AIM OF THE TASK: Return the lines below that contain "ezdxf".

[Collection entries]

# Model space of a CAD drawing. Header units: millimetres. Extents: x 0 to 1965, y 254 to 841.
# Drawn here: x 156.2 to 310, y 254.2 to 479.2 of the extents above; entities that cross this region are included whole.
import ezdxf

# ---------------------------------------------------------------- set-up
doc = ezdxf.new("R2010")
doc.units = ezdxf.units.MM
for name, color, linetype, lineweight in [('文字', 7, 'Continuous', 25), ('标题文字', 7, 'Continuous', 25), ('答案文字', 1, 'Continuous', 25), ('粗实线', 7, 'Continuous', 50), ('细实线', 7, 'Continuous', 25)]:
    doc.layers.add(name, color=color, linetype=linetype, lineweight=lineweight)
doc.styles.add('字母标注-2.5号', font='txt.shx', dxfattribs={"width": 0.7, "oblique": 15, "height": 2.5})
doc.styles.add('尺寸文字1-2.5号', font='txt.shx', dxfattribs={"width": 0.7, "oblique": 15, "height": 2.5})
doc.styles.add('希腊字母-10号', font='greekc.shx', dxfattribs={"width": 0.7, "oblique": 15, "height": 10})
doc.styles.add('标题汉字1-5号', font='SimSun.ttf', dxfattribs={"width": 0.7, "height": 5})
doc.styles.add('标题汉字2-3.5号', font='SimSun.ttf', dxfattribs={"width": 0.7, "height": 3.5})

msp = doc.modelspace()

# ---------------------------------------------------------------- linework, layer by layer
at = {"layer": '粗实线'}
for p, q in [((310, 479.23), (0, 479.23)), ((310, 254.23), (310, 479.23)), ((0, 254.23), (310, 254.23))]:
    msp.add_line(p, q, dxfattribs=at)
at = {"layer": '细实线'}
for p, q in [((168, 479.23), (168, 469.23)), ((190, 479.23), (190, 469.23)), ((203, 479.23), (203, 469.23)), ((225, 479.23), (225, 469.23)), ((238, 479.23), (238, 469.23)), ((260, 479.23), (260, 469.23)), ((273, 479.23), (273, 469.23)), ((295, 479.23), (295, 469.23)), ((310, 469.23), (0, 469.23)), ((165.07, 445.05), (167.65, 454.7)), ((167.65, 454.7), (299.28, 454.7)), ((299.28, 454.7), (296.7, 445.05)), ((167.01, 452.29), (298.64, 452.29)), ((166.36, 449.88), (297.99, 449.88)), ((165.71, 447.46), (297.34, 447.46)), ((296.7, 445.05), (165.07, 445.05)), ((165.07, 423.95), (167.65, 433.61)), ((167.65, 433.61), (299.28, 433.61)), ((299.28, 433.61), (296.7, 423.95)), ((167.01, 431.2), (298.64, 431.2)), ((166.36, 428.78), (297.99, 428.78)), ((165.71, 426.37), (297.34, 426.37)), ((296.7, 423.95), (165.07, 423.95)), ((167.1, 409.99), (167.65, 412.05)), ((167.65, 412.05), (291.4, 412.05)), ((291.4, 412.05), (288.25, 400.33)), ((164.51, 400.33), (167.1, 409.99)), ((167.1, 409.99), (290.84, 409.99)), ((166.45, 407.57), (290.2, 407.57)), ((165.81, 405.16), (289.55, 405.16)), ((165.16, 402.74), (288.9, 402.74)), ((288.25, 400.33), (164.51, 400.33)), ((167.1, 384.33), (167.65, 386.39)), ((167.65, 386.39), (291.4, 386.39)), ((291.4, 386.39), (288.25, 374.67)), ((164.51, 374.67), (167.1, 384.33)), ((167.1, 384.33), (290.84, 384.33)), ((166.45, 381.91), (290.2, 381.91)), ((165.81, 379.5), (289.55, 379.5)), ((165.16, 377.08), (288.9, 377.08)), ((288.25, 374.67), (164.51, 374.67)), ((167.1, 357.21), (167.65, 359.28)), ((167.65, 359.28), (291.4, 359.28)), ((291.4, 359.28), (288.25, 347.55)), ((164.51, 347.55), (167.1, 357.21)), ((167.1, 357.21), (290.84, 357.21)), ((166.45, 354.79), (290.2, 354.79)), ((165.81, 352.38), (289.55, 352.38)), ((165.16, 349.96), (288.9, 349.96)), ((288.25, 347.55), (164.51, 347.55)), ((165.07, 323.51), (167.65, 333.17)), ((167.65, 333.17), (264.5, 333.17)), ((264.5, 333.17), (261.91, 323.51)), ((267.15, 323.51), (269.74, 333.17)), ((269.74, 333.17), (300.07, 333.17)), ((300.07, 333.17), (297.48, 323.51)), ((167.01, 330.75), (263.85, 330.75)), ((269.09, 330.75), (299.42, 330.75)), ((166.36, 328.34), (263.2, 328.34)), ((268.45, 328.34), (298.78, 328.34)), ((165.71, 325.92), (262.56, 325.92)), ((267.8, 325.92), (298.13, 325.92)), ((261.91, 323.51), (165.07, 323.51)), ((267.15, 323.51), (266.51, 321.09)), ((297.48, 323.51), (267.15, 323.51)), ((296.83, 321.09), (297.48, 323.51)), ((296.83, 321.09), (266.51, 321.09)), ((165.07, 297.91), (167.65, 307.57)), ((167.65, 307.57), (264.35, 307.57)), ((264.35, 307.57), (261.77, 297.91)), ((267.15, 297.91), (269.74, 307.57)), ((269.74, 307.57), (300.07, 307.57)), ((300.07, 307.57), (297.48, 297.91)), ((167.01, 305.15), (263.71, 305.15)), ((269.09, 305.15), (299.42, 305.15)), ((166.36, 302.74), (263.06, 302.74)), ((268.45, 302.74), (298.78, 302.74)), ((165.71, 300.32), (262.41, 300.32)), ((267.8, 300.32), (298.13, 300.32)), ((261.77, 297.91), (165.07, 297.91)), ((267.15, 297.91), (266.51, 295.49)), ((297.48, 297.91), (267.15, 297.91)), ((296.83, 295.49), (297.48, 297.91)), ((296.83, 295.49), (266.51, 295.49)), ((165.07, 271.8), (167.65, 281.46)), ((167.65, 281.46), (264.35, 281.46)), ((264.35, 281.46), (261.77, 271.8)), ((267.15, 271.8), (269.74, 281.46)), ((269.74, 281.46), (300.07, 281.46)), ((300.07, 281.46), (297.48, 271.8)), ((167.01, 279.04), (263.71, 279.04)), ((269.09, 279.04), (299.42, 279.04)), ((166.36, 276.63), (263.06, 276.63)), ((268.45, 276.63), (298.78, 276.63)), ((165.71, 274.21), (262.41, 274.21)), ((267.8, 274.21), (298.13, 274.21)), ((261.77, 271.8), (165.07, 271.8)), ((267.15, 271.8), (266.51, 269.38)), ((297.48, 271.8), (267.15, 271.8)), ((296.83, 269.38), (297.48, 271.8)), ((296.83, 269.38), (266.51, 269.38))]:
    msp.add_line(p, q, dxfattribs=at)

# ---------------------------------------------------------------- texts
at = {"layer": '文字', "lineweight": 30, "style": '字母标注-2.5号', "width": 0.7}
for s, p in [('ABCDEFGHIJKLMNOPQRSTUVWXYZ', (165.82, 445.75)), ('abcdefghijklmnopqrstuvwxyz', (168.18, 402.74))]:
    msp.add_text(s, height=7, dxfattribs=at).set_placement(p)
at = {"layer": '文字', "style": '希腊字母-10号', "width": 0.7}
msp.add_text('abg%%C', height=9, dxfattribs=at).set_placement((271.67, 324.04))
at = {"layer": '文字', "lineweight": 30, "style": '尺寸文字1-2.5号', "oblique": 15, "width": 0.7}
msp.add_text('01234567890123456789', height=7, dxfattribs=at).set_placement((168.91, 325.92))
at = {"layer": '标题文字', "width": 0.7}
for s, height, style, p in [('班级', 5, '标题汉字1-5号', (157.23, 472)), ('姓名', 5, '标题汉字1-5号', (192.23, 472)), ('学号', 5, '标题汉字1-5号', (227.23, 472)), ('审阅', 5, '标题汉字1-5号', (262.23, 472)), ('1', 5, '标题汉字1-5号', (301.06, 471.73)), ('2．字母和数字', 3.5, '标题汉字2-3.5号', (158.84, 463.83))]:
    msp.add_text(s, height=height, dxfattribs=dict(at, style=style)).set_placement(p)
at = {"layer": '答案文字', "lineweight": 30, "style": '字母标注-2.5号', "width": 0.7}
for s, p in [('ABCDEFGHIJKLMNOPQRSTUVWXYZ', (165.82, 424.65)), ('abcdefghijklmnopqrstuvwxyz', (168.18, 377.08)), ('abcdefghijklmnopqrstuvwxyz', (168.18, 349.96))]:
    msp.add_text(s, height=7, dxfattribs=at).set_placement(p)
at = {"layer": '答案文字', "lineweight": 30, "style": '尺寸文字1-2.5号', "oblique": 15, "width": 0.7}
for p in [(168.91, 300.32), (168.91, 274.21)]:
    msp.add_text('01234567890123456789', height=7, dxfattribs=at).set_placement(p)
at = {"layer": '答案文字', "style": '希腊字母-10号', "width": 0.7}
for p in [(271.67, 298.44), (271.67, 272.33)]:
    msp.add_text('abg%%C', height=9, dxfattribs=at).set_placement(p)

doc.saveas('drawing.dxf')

RESPONSE BELOW:
import ezdxf
doc = ezdxf.new("R2010")
doc.units = ezdxf.units.MM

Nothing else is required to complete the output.